The flip side of this is not much better. In The Mechanic (1972), Charles Bronson is the archetypal man’s man of the seventies, exemplifying all the pagan virtues while being utterly devoid of goodness. In yet another nod to seventies “realism”, he cannot hold down a woman’s interest without paying a premium. The guy has a lot of admirable qualities, his line of work as a professional hit-man notwithstanding. But the net result combined with “honor among thieves” plot points makes for a dreary ordeal of a film.
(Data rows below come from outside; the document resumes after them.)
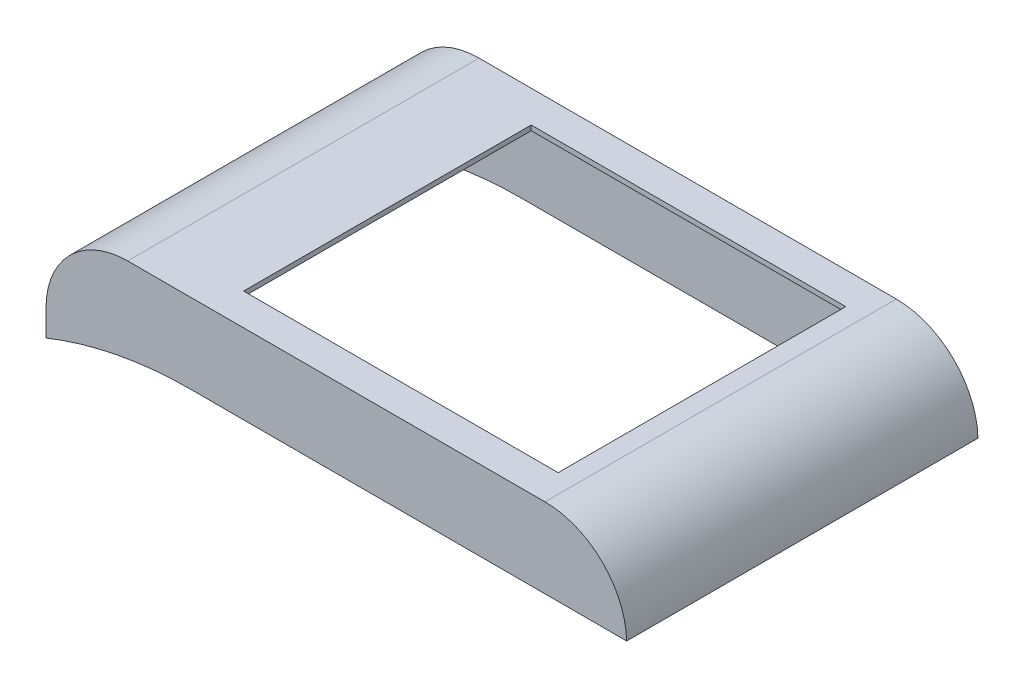
ISO-10303-21;
HEADER;
FILE_DESCRIPTION(('STEP AP214'),'2;1');
FILE_NAME('part.step','',(''),(''),'','','');
FILE_SCHEMA(('AUTOMOTIVE_DESIGN { 1 0 10303 214 1 1 1 1 }'));
ENDSEC;
DATA;
#1=APPLICATION_CONTEXT('core data for automotive mechanical design processes');
#2=APPLICATION_PROTOCOL_DEFINITION('international standard','automotive_design',2000,#1);
#3=PRODUCT_CONTEXT('',#1,'mechanical');
#4=PRODUCT('Part','Part','',(#3));
#5=PRODUCT_RELATED_PRODUCT_CATEGORY('part','',(#4));
#6=PRODUCT_DEFINITION_FORMATION('','',#4);
#7=PRODUCT_DEFINITION_CONTEXT('part definition',#1,'design');
#8=PRODUCT_DEFINITION('design','',#6,#7);
#9=PRODUCT_DEFINITION_SHAPE('','',#8);
#10=(LENGTH_UNIT() NAMED_UNIT(*) SI_UNIT(.MILLI.,.METRE.));
#11=(NAMED_UNIT(*) PLANE_ANGLE_UNIT() SI_UNIT($,.RADIAN.));
#12=(NAMED_UNIT(*) SI_UNIT($,.STERADIAN.) SOLID_ANGLE_UNIT());
#13=UNCERTAINTY_MEASURE_WITH_UNIT(LENGTH_MEASURE(1.E-05),#10,'distance_accuracy_value','');
#14=(GEOMETRIC_REPRESENTATION_CONTEXT(3) GLOBAL_UNCERTAINTY_ASSIGNED_CONTEXT((#13)) GLOBAL_UNIT_ASSIGNED_CONTEXT((#10,
#11,#12)) REPRESENTATION_CONTEXT('',''));
#15=CARTESIAN_POINT('',(0.,0.,0.));
#16=DIRECTION('',(0.,0.,1.));
#17=DIRECTION('',(1.,0.,0.));
#18=AXIS2_PLACEMENT_3D('',#15,#16,#17);
#19=CARTESIAN_POINT('',(18.57473769217,-76.2184026334848,-19.));
#20=DIRECTION('',(0.,0.,-1.));
#21=DIRECTION('',(-1.,0.,0.));
#22=AXIS2_PLACEMENT_3D('',#19,#20,#21);
#23=PLANE('',#22);
#24=DIRECTION('',(-1.,0.,0.));
#25=VECTOR('',#24,1.);
#26=CARTESIAN_POINT('',(18.57473769217,0.,-19.));
#27=LINE('',#26,#25);
#28=CARTESIAN_POINT('',(3.57473769217,0.,-19.));
#29=VERTEX_POINT('',#28);
#30=CARTESIAN_POINT('',(-32.2823525408233,0.,-19.));
#31=VERTEX_POINT('',#30);
#32=EDGE_CURVE('E284',#29,#31,#27,.T.);
#33=ORIENTED_EDGE('',*,*,#32,.F.);
#34=DIRECTION('',(0.,-1.,0.));
#35=VECTOR('',#34,1.);
#36=CARTESIAN_POINT('',(3.57473769217,3.,-19.));
#37=LINE('',#36,#35);
#38=CARTESIAN_POINT('',(3.57473769217,3.,-19.));
#39=VERTEX_POINT('',#38);
#40=EDGE_CURVE('E192',#39,#29,#37,.T.);
#41=ORIENTED_EDGE('',*,*,#40,.F.);
#42=DIRECTION('',(1.,0.,0.));
#43=VECTOR('',#42,1.);
#44=CARTESIAN_POINT('',(18.57473769217,3.,-19.));
#45=LINE('',#44,#43);
#46=CARTESIAN_POINT('',(18.4229126315243,3.,-19.));
#47=VERTEX_POINT('',#46);
#48=EDGE_CURVE('E193',#39,#47,#45,.T.);
#49=ORIENTED_EDGE('',*,*,#48,.T.);
#50=CARTESIAN_POINT('',(11.57473769217,1.55,-19.));
#51=DIRECTION('',(0.,0.,-1.));
#52=DIRECTION('',(-1.,0.,0.));
#53=AXIS2_PLACEMENT_3D('',#50,#51,#52);
#54=CIRCLE('',#53,7.);
#55=CARTESIAN_POINT('',(11.57473769217,8.55,-19.));
#56=VERTEX_POINT('',#55);
#57=EDGE_CURVE('E336',#47,#56,#54,.F.);
#58=ORIENTED_EDGE('',*,*,#57,.T.);
#59=DIRECTION('',(-1.,0.,0.));
#60=VECTOR('',#59,1.);
#61=CARTESIAN_POINT('',(18.57473769217,8.55,-19.));
#62=LINE('',#61,#60);
#63=CARTESIAN_POINT('',(-40.49526230783,8.55,-19.));
#64=VERTEX_POINT('',#63);
#65=EDGE_CURVE('E275',#56,#64,#62,.T.);
#66=ORIENTED_EDGE('',*,*,#65,.T.);
#67=CARTESIAN_POINT('',(-40.49526230783,1.55,-19.));
#68=DIRECTION('',(0.,0.,-1.));
#69=DIRECTION('',(-1.,0.,0.));
#70=AXIS2_PLACEMENT_3D('',#67,#68,#69);
#71=CIRCLE('',#70,7.);
#72=CARTESIAN_POINT('',(-47.49526230783,1.54999999999997,-19.));
#73=VERTEX_POINT('',#72);
#74=EDGE_CURVE('E338',#64,#73,#71,.F.);
#75=ORIENTED_EDGE('',*,*,#74,.T.);
#76=DIRECTION('',(0.,1.,0.));
#77=VECTOR('',#76,1.);
#78=CARTESIAN_POINT('',(-47.49526230783,-76.2184026334848,-19.));
#79=LINE('',#78,#77);
#80=CARTESIAN_POINT('',(-47.49526230783,-2.49640650628476,-19.));
#81=VERTEX_POINT('',#80);
#82=EDGE_CURVE('E288',#81,#73,#79,.T.);
#83=ORIENTED_EDGE('',*,*,#82,.F.);
#84=CARTESIAN_POINT('',(-32.2823525408233,-47.60135587401,-19.));
#85=DIRECTION('',(0.,0.,-1.));
#86=DIRECTION('',(-1.,0.,0.));
#87=AXIS2_PLACEMENT_3D('',#84,#85,#86);
#88=CIRCLE('',#87,47.60135587401);
#89=EDGE_CURVE('E212',#81,#31,#88,.T.);
#90=ORIENTED_EDGE('',*,*,#89,.T.);
#91=EDGE_LOOP('',(#33,#41,#49,#58,#66,#75,#83,#90));
#92=FACE_BOUND('',#91,.T.);
#93=ADVANCED_FACE('F35',(#92),#23,.F.);
#94=CARTESIAN_POINT('',(-47.49526230783,-76.2184026334848,19.));
#95=DIRECTION('',(0.,0.,1.));
#96=DIRECTION('',(1.,0.,0.));
#97=AXIS2_PLACEMENT_3D('',#94,#95,#96);
#98=PLANE('',#97);
#99=DIRECTION('',(-1.,0.,0.));
#100=VECTOR('',#99,1.);
#101=CARTESIAN_POINT('',(18.57473769217,3.,19.));
#102=LINE('',#101,#100);
#103=CARTESIAN_POINT('',(18.4229126315243,3.,19.));
#104=VERTEX_POINT('',#103);
#105=CARTESIAN_POINT('',(3.57473769217,3.,19.));
#106=VERTEX_POINT('',#105);
#107=EDGE_CURVE('E50',#104,#106,#102,.T.);
#108=ORIENTED_EDGE('',*,*,#107,.T.);
#109=DIRECTION('',(0.,-1.,0.));
#110=VECTOR('',#109,1.);
#111=CARTESIAN_POINT('',(3.57473769217,3.,19.));
#112=LINE('',#111,#110);
#113=CARTESIAN_POINT('',(3.57473769217,0.,19.));
#114=VERTEX_POINT('',#113);
#115=EDGE_CURVE('E183',#106,#114,#112,.T.);
#116=ORIENTED_EDGE('',*,*,#115,.T.);
#117=DIRECTION('',(1.,0.,0.));
#118=VECTOR('',#117,1.);
#119=CARTESIAN_POINT('',(-47.49526230783,0.,19.));
#120=LINE('',#119,#118);
#121=CARTESIAN_POINT('',(-32.2823525408233,0.,19.));
#122=VERTEX_POINT('',#121);
#123=EDGE_CURVE('E289',#122,#114,#120,.T.);
#124=ORIENTED_EDGE('',*,*,#123,.F.);
#125=CARTESIAN_POINT('',(-32.2823525408233,-47.60135587401,19.));
#126=DIRECTION('',(0.,0.,1.));
#127=DIRECTION('',(1.,0.,0.));
#128=AXIS2_PLACEMENT_3D('',#125,#126,#127);
#129=CIRCLE('',#128,47.60135587401);
#130=CARTESIAN_POINT('',(-47.49526230783,-2.49640650628476,19.));
#131=VERTEX_POINT('',#130);
#132=EDGE_CURVE('E215',#122,#131,#129,.T.);
#133=ORIENTED_EDGE('',*,*,#132,.T.);
#134=DIRECTION('',(0.,1.,0.));
#135=VECTOR('',#134,1.);
#136=CARTESIAN_POINT('',(-47.49526230783,-76.2184026334848,19.));
#137=LINE('',#136,#135);
#138=CARTESIAN_POINT('',(-47.49526230783,1.54999999999997,19.));
#139=VERTEX_POINT('',#138);
#140=EDGE_CURVE('E292',#131,#139,#137,.T.);
#141=ORIENTED_EDGE('',*,*,#140,.T.);
#142=CARTESIAN_POINT('',(-40.49526230783,1.55,19.));
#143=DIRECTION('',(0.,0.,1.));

The people that sneered at the pulp era starting some time around 1940? The thing that they hated most were male characters that exemplified both goodness and masculinity. That’s how you end up with a Frank Frink in The Man in High Castle (1962), a completely unattractive loser that ridiculously holds out hope for a rekindled romance with his ex-wife that had moved on long ago. It’s how you get Poul Anderson’s Flandry and Robert A. Heinliein’s Lazarus Long, masterful men that can reel in the ladies, but which are short on genuine goodness. It’s how you get a the elaborate plot of Fred Saberhagen’s Berserker’s Planet (1975) in which everything is set in order to allow an out and out coward to slip into the role of “hero” if only for a moment.

It’s no surprise that a generation that was trained to scoff at the very idea of good, masculine men very quickly ceased to be able to even imagine such a thing in the context of this cultural milieu. It’s also no accident that the generation that succeeded it had precious few of either sort.

And the people that did this go us could abide neither heroism nor romance.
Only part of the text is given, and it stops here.